The problem:
Once you find the line with "[Theta] -> Subsystem/3(Theta)", copy it and every line after it through the end of the entries below, exactly as written.

Data records:
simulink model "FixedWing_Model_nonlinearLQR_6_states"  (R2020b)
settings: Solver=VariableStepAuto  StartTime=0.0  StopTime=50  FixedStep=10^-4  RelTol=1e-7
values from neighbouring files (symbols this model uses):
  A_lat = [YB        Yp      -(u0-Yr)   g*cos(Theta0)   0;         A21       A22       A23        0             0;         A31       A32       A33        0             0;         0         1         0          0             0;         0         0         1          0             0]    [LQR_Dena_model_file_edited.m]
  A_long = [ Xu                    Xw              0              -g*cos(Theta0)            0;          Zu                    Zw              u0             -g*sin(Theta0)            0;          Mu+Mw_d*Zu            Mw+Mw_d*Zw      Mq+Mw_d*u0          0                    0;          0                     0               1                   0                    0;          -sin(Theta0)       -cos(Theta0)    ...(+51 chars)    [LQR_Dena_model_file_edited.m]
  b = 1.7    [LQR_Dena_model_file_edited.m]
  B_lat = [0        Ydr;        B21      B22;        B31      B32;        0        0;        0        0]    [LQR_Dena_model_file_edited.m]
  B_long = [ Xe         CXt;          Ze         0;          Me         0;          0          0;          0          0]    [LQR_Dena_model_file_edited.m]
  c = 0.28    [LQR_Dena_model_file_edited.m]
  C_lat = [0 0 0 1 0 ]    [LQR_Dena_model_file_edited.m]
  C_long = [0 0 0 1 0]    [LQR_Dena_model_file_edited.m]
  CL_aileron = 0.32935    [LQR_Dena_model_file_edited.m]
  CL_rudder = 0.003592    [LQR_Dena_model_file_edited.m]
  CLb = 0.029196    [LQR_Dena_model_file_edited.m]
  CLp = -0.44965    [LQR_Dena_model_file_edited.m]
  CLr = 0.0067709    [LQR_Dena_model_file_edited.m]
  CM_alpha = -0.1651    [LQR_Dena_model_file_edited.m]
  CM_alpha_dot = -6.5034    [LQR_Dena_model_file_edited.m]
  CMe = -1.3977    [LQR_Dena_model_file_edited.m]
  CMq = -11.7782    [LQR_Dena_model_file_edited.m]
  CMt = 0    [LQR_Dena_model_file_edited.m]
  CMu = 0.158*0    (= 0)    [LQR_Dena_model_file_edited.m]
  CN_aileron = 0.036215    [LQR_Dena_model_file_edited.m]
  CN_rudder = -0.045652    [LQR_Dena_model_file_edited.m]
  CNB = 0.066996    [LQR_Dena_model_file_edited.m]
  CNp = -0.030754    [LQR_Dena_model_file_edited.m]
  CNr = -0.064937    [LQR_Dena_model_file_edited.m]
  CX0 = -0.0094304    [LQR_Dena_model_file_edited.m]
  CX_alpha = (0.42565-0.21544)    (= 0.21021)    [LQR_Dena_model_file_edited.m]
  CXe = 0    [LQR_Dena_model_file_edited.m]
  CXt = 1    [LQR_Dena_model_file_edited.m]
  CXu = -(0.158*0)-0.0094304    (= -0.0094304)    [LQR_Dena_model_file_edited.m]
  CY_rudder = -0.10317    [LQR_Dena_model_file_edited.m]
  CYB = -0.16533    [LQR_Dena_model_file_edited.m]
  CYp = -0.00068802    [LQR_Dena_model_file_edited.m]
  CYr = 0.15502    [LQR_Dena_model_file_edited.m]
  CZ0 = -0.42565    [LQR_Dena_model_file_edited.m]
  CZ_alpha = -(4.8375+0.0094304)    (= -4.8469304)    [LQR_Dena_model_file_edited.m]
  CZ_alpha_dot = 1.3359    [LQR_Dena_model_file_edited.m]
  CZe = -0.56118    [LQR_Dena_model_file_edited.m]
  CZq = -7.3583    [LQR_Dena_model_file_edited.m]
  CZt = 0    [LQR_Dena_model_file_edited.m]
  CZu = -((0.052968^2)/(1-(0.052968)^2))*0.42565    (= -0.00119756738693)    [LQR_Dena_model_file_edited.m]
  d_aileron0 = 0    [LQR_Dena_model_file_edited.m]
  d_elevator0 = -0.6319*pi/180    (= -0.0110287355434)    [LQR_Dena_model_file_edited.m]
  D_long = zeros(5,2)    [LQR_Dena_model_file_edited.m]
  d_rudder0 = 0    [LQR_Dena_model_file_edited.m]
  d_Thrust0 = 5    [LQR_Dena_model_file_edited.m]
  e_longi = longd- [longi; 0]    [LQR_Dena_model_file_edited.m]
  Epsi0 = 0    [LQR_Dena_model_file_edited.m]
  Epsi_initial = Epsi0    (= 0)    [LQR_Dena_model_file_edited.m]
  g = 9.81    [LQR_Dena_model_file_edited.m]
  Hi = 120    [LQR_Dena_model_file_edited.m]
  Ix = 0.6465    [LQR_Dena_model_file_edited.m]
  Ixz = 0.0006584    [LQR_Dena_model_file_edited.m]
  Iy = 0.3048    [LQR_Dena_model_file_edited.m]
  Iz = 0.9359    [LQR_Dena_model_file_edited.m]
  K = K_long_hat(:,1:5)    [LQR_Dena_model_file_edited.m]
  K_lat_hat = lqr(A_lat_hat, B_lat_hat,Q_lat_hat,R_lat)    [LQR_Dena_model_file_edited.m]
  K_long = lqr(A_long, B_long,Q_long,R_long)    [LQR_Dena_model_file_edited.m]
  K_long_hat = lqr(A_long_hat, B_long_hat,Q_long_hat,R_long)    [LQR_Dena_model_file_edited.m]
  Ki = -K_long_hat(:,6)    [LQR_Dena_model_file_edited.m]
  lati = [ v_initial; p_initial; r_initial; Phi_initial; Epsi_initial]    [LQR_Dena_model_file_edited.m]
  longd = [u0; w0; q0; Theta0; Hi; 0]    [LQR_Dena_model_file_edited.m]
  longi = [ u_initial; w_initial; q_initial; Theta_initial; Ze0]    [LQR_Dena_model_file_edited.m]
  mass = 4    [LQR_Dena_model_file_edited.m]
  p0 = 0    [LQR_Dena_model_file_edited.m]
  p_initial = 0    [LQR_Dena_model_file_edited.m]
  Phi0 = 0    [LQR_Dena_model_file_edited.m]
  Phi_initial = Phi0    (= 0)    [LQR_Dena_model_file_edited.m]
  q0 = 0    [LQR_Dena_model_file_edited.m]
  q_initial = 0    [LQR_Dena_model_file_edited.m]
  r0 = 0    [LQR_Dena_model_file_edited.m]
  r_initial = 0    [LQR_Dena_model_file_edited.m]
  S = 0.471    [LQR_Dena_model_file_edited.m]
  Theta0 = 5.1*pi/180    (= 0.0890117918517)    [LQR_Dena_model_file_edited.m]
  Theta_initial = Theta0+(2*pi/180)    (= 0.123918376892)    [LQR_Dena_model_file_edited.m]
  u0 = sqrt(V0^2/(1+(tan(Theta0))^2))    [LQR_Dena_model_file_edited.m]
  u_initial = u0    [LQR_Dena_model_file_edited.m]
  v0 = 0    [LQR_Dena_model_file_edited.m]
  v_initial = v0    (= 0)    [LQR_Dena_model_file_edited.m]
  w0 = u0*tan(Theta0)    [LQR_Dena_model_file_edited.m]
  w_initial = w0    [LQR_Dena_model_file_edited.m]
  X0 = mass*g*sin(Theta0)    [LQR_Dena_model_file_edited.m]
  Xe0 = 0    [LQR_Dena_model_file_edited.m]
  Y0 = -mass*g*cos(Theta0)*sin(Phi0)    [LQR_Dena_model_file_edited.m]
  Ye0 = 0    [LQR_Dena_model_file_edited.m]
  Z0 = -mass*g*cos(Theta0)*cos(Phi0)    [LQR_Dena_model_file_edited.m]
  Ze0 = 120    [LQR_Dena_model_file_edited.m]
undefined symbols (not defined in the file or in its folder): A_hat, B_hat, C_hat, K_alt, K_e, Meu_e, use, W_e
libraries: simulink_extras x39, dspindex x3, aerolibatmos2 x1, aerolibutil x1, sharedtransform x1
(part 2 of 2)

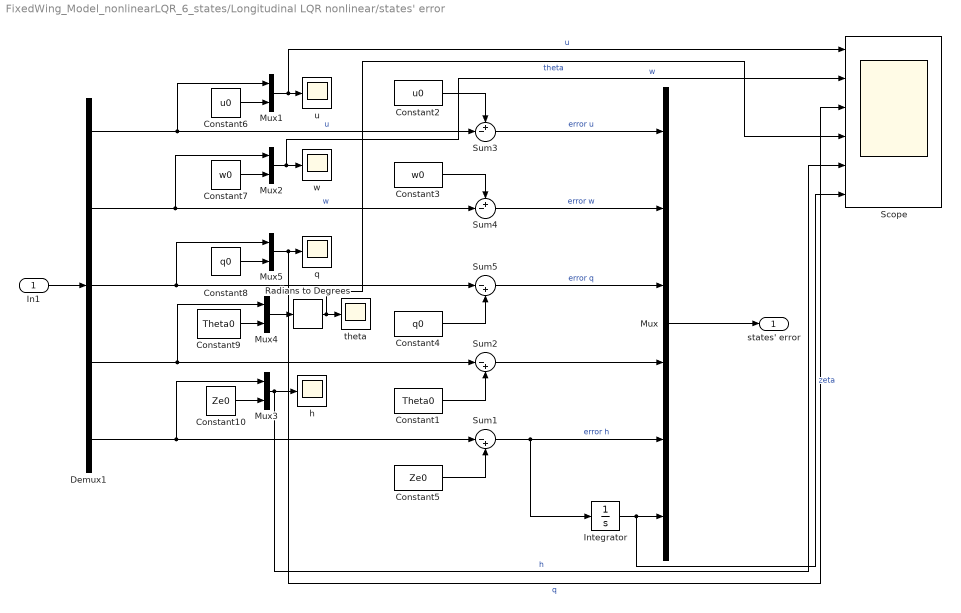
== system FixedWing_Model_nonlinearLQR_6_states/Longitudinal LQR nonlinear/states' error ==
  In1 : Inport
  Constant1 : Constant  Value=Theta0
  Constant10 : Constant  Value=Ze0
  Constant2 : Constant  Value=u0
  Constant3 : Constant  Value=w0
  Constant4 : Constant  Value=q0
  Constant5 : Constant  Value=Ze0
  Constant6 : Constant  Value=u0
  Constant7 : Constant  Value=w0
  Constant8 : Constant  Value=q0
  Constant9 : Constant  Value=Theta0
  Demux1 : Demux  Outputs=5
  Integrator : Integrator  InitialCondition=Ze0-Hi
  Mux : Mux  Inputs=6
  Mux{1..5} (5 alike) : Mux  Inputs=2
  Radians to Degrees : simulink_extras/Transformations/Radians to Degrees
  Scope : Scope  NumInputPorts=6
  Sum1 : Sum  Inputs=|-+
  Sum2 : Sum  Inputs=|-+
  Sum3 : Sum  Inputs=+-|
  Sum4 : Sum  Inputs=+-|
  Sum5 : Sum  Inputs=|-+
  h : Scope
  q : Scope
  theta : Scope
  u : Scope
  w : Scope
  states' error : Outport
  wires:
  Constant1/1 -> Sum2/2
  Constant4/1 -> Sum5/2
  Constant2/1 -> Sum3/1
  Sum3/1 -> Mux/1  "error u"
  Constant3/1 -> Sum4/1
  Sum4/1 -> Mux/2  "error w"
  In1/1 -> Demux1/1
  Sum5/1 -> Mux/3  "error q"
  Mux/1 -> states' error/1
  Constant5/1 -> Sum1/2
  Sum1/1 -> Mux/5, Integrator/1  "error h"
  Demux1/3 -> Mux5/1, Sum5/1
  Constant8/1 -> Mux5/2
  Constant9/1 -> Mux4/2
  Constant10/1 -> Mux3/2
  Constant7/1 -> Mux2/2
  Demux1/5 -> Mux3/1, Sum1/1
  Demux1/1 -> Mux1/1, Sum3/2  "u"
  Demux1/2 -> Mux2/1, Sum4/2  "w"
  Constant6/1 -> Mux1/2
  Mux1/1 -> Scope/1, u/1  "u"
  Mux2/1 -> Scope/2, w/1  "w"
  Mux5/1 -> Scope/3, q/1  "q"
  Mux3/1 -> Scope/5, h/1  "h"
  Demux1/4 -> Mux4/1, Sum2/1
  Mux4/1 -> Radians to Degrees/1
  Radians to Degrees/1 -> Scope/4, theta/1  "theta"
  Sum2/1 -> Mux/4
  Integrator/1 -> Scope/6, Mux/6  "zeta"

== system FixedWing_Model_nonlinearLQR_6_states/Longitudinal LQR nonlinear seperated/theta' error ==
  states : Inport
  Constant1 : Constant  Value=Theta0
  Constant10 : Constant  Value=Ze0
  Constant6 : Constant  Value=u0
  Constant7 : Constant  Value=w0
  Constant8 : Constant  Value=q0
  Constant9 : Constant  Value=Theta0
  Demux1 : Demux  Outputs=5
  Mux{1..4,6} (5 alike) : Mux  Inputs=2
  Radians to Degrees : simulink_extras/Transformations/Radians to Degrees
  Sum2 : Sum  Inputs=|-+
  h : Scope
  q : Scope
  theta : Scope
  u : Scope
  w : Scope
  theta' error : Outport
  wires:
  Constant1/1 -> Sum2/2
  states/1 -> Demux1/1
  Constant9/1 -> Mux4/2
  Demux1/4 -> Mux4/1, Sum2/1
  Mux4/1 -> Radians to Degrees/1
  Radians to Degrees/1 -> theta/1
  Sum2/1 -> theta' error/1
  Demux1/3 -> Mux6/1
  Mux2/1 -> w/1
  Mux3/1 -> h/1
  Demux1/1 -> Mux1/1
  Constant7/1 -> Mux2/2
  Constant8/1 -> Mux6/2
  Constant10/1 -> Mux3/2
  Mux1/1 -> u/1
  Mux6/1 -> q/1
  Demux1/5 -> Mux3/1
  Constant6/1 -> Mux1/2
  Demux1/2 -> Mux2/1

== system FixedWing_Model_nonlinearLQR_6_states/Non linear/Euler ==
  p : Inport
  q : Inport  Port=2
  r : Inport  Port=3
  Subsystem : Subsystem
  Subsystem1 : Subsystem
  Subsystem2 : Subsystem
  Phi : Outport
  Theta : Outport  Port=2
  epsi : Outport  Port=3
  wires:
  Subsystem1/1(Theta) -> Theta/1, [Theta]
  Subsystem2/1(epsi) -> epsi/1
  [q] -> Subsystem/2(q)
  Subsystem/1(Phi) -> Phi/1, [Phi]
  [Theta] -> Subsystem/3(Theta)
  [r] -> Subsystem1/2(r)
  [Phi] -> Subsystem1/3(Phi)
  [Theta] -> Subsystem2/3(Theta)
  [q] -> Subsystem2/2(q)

Task output:
  [Theta] -> Subsystem/3(Theta)
  [r] -> Subsystem1/2(r)
  [Phi] -> Subsystem1/3(Phi)
  [Theta] -> Subsystem2/3(Theta)
  [q] -> Subsystem2/2(q)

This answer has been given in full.